2) Andrew Ross Sorkin calls this a split decision in today’s New York Times. Is that true and if not who won?
It is a Solomonic split decision but designed to invite an appeal by Greenberg and not by the government, so Hank gets a second bite at the apple on appeal.

3) Given the collateral calls that were pending and the certainty of an AIG bankruptcy, did Greenberg ever have a real chance to recover $40 billion?
No, but given the possibility of hiving off the insurance companies outside of bankruptcy, Judge Wheeler’s conclusion on no damages is vulnerable to reversal on appeal.

4) What will this ruling mean for government intervention in future financial crises? Is that good or bad?
No more violating the law or the rule of law by government officials, whatever they may think at the time. Very good–a win for justice and true American legal values.

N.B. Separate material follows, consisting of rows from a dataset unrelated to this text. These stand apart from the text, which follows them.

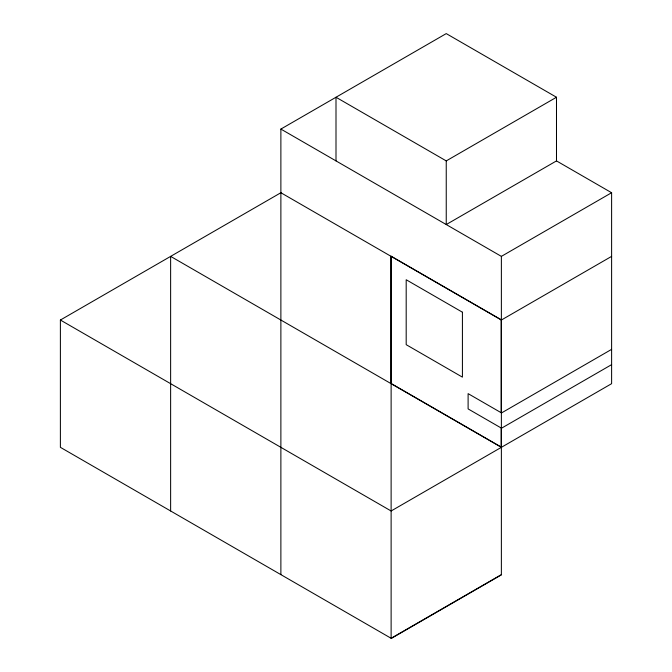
<?xml version="1.0" encoding="UTF-8"?>
<svg xmlns="http://www.w3.org/2000/svg" width="672" height="672" viewBox="0 0 672 672"><rect width="100%" height="100%" fill="white"/><g stroke="black" fill="none" stroke-linecap="round" stroke-linejoin="round"><path stroke-width="1.01" d="M280.879 574.627L280.879 129.074L446.242 33.6L556.492 97.247L556.492 160.902L446.242 224.549L446.242 160.902L336 97.247L336 160.902M280.879 129.074L501.371 256.376L501.371 574.627L391.121 638.282L60.388 447.334L60.388 320.032L280.879 192.73M446.242 160.902L556.492 97.247M501.371 256.376L611.612 192.73L611.612 383.678L391.121 510.98L60.388 320.032M611.612 256.376L501.371 320.023L280.879 192.73M501.371 413.02L611.612 349.364M501.371 428.291L611.612 364.644M391.331 638.4L501.572 574.753M556.492 160.902L611.612 192.73M501.371 447.325L170.629 256.376L170.629 510.98M391.121 256.376L391.121 638.282M501.186 319.738L390.936 256.091L390.936 383.393L501.186 447.04L501.186 428.005L468.107 408.912L468.107 393.632L501.186 412.726L501.186 319.738M462.42 312.211L406.19 279.745L406.19 344.669L462.42 377.135L462.42 312.211"/></g></svg>
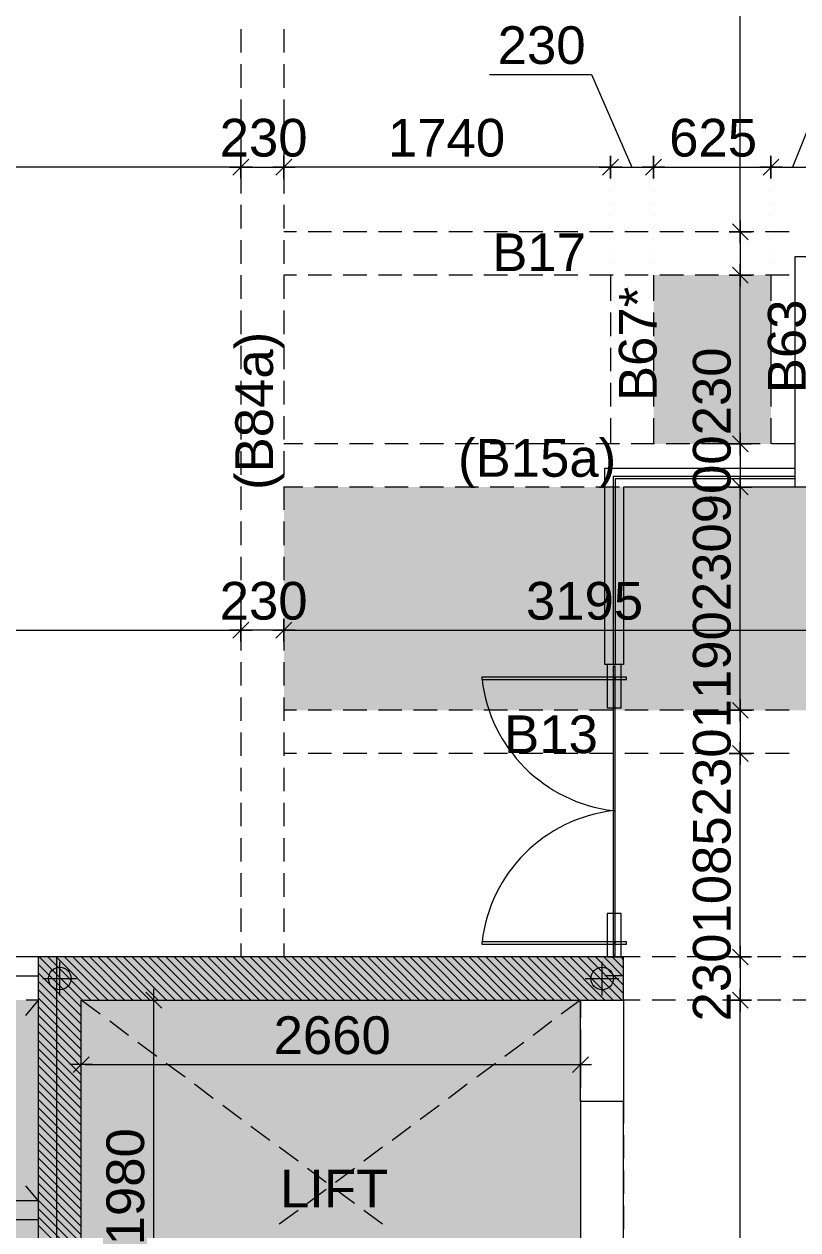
# Model space of a CAD drawing. Header units: millimetres. Extents: x -1303 to 98744, y -1303 to 90097.
# Drawn here: x 51084 to 55207, y 28153 to 34580 of the extents above; entities that cross this region are included whole.
import ezdxf

# ---------------------------------------------------------------- set-up
doc = ezdxf.new("R2010")
doc.units = ezdxf.units.MM
doc.layers.add('PDF_Geometry', color=7, linetype='Continuous')
doc.layers.add('PDF_Text', color=7, linetype='Continuous')
doc.layers.add('PDF_Solid Fills', color=192, linetype='Continuous', true_color=0xc2c0c0c0)
doc.styles.add('PDF ArialMT', font='arial.ttf')

msp = doc.modelspace()

# ---------------------------------------------------------------- hatches: boundary and pattern name
at = {"layer": 'PDF_Solid Fills', "true_color": 0x0000b2}
h = msp.add_hatch(color=33, dxfattribs=at)
h.paths.add_polyline_path([(22404.2843, 31942.72087), (22404.2843, 32112.74047), (19209.26177, 32112.74047), (19209.26177, 30922.67974), (22404.2843, 30922.67974), (22404.2843, 31642.7072), (21409.2932, 31642.7072), (21409.2932, 31942.72087)], flags=0)
h.paths.add_polyline_path([(11529.29261, 29607.70354), (11529.29261, 32397.68983), (12814.30857, 32397.68983), (12814.30857, 29607.70354)], flags=0)
h.paths.add_polyline_path([(12814.30857, 32627.71257), (12814.30857, 34142.75024), (8234.23832, 34142.75024), (8234.23832, 32627.71257)], flags=0)
h.paths.add_polyline_path([(12814.30857, 22167.74491), (12814.30857, 24957.72913), (11529.29261, 24957.72913), (11529.29261, 22167.74491)], flags=0)
h.paths.add_polyline_path([(8234.23832, 21937.72009), (8234.23832, 20422.68242), (12814.30857, 20422.68242), (12814.30857, 21937.72009)], flags=0)
h.paths.add_polyline_path([(21869.25605, 23642.75499), (21869.25605, 22452.69219), (19209.26177, 22452.69219), (19209.26177, 23642.75499)], flags=0)
h.paths.add_polyline_path([(23229.25373, 22452.69219), (23229.25373, 23642.75499), (25959.23687, 23642.75499), (25959.23687, 22452.69219)], flags=0)
h.paths.add_polyline_path([(32354.27376, 21952.6997), (32354.27376, 20422.68242), (36934.25928, 20422.68242), (36934.25928, 21952.6997)], flags=0)
h.paths.add_polyline_path([(33639.29074, 24957.72913), (33639.29074, 22182.72451), (32354.27376, 22182.72451), (32354.27376, 24957.72913)], flags=0)
h.paths.add_polyline_path([(26964.2984, 30922.67974), (26964.2984, 32112.74047), (30159.32092, 32112.74047), (30159.32092, 30922.67974)], flags=0)
h.paths.add_polyline_path([(28349.2614, 32342.68057), (28349.2614, 33242.7154), (27564.23691, 33242.7154), (27564.23691, 32342.68057)], flags=0)
h.paths.add_polyline_path([(40634.2682, 32627.71257), (40634.2682, 34142.75024), (36554.27309, 34142.75024), (36554.27309, 32627.71257)], flags=0)
h.paths.add_polyline_path([(36554.27309, 29607.70354), (36554.27309, 32397.68983), (37839.28802, 32397.68983), (37839.28802, 29607.70354)], flags=0)
h.paths.add_polyline_path([(41994.26382, 34142.75024), (41994.26382, 32627.71257), (46074.25892, 32627.71257), (46074.25892, 34142.75024)], flags=0)
h.paths.add_polyline_path([(46074.25892, 32397.68983), (46074.25892, 29607.70354), (44789.244, 29607.70354), (44789.244, 32397.68983)], flags=0)
h.paths.add_polyline_path([(45694.27273, 20422.68242), (45694.27273, 21952.6997), (50274.26033, 21952.6997), (50274.26033, 20422.68242)], flags=0)
h.paths.add_polyline_path([(48989.24127, 22182.72451), (48989.24127, 24957.72913), (50274.26033, 24957.72913), (50274.26033, 22182.72451)], flags=0)
h.paths.add_polyline_path([(52469.2958, 32112.74047), (52469.2958, 30922.67974), (55664.23361, 30922.67974), (55664.23361, 32112.74047)], flags=0)
h.paths.add_polyline_path([(55064.29717, 32342.68057), (55064.29717, 33242.7154), (54439.30655, 33242.7154), (54439.30655, 32342.68057)], flags=0)
h.paths.add_polyline_path([(63419.27024, 30922.67974), (63419.27024, 32112.74047), (60524.25933, 32112.74047), (60524.25933, 31222.69135), (60224.24978, 31222.69135), (60224.24978, 30922.67974)], flags=0)
h.paths.add_polyline_path([(60819.28118, 23642.75499), (60819.28118, 22452.69219), (63419.27024, 22452.69219), (63419.27024, 23642.75499)], flags=0)
h.paths.add_polyline_path([(56669.29721, 23642.75499), (56669.29721, 22452.69219), (59359.2507, 22452.69219), (59359.2507, 23642.75499)], flags=0)
h.paths.add_polyline_path([(71099.24354, 29607.70354), (71099.24354, 32397.68983), (69814.31126, 32397.68983), (69814.31126, 29607.70354)], flags=0)
h.paths.add_polyline_path([(71099.24354, 22167.74491), (71099.24354, 24957.72913), (69814.31126, 24957.72913), (69814.31126, 22167.74491)], flags=0)
h.paths.add_polyline_path([(69814.31126, 21937.72009), (69814.31126, 20422.68242), (74394.29472, 20422.68242), (74394.29472, 21937.72009)], flags=0)
h.paths.add_polyline_path([(69814.31126, 34142.75024), (69814.31126, 32627.71257), (74394.29472, 32627.71257), (74394.29472, 34142.75024)], flags=0)
at = {"layer": 'PDF_Solid Fills'}
msp.add_hatch(color=256, dxfattribs=at).paths.add_polyline_path([(56669.29721, 25187.75188), (51389.25565, 25187.75188), (51389.25565, 29377.68079), (54279.27061, 29377.68079), (54279.27061, 29607.70354), (51159.31349, 29607.70354), (51159.31349, 25187.75188), (50274.26033, 25187.75188), (50274.26033, 24957.72913), (51159.31349, 24957.72913), (56669.29721, 24957.72913)])
at = {"layer": 'PDF_Solid Fills', "true_color": 0x00007f}
h = msp.add_hatch(color=254, dxfattribs=at)
h.paths.add_polyline_path([(31469.30117, 29377.68079), (31469.30117, 25187.75188), (33129.31253, 25187.75188), (33129.31253, 29377.68079)], flags=0)
h.paths.add_polyline_path([(33359.25057, 25187.75188), (33359.25057, 29377.68079), (36934.25928, 29377.68079), (36934.25928, 25187.75188)], flags=0)
h.paths.add_polyline_path([(37164.2841, 25187.75188), (37164.2841, 29377.68079), (40934.27775, 29377.68079), (40934.27775, 25187.75188)], flags=0)
h.paths.add_polyline_path([(41164.30255, 25182.67534), (41164.30255, 29377.68079), (45464.24791, 29377.68079), (45464.24791, 25182.67534)], flags=0)
h.paths.add_polyline_path([(45694.27273, 29377.68079), (45694.27273, 25187.75188), (49039.2587, 25187.75188), (49039.2587, 29377.68079)], flags=0)
h.paths.add_polyline_path([(49269.28352, 25187.75188), (49269.28352, 29377.68079), (51159.31349, 29377.68079), (51159.31349, 25187.75188)], flags=0)
h.paths.add_polyline_path([(41164.30255, 21382.72041), (41164.30255, 24957.72913), (45464.24791, 24957.72913), (45464.24791, 21382.72041)], flags=0)
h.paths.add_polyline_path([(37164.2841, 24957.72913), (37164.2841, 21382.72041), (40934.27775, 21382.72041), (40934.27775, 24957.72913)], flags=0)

5) The judge says that government broke the law in taking over AIG. Do you agree with that assessment?
Yes. Virtually every major figure in the takeover violated the law, certainly fiscal authorities such as Bernanke and Geithner, and maybe cabinet secretaries such as Paulson, and many of their bankers and lawyers, including those from Davis Polk, Goldman Sachs and Sullivan & Cromwell. They should all feel disgraced.